[Records shown]
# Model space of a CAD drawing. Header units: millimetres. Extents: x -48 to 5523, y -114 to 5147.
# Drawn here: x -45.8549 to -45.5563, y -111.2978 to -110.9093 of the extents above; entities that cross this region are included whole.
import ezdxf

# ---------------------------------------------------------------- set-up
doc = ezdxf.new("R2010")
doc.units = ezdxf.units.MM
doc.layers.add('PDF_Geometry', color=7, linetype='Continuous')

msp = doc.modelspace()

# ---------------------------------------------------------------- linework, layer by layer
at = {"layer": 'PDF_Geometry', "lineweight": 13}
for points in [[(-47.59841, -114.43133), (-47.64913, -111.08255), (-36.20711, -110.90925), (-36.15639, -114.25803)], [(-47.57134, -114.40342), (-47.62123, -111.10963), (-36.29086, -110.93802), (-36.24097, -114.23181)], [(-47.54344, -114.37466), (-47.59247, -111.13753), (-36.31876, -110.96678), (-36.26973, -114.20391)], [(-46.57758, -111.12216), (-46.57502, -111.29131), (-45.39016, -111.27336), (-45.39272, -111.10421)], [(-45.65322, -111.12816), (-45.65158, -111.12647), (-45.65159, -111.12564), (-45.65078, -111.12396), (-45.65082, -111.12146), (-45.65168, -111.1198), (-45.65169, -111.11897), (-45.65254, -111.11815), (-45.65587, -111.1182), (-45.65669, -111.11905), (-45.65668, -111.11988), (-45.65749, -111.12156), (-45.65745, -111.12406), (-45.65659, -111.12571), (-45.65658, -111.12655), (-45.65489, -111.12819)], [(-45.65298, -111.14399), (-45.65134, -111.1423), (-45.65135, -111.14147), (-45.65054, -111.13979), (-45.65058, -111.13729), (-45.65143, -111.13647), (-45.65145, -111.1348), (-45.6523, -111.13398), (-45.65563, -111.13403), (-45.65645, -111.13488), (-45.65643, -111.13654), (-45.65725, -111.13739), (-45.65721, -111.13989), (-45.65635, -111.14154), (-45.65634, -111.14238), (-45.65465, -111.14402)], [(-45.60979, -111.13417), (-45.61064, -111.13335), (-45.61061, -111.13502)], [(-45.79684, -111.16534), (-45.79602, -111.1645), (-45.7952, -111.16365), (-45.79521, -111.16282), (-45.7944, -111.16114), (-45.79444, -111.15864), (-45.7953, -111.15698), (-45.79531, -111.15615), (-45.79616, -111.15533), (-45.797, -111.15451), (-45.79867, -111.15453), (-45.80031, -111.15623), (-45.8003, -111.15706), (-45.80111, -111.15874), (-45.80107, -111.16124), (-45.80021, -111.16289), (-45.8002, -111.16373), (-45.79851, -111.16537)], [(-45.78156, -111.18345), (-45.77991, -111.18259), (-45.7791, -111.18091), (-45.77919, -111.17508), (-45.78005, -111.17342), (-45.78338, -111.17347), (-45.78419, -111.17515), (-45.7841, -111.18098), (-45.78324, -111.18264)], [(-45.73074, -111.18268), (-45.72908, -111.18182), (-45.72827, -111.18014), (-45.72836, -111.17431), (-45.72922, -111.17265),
[/Records shown]
What the task requires: Beginning at the first line of the records, retype exactly every line up to and including the one with "doc.layers.add('PDF_Geometry', color=7, linetype='Continuous')".

Answer to this exercise:
# Model space of a CAD drawing. Header units: millimetres. Extents: x -48 to 5523, y -114 to 5147.
# Drawn here: x -45.8549 to -45.5563, y -111.2978 to -110.9093 of the extents above; entities that cross this region are included whole.
import ezdxf

# ---------------------------------------------------------------- set-up
doc = ezdxf.new("R2010")
doc.units = ezdxf.units.MM
doc.layers.add('PDF_Geometry', color=7, linetype='Continuous')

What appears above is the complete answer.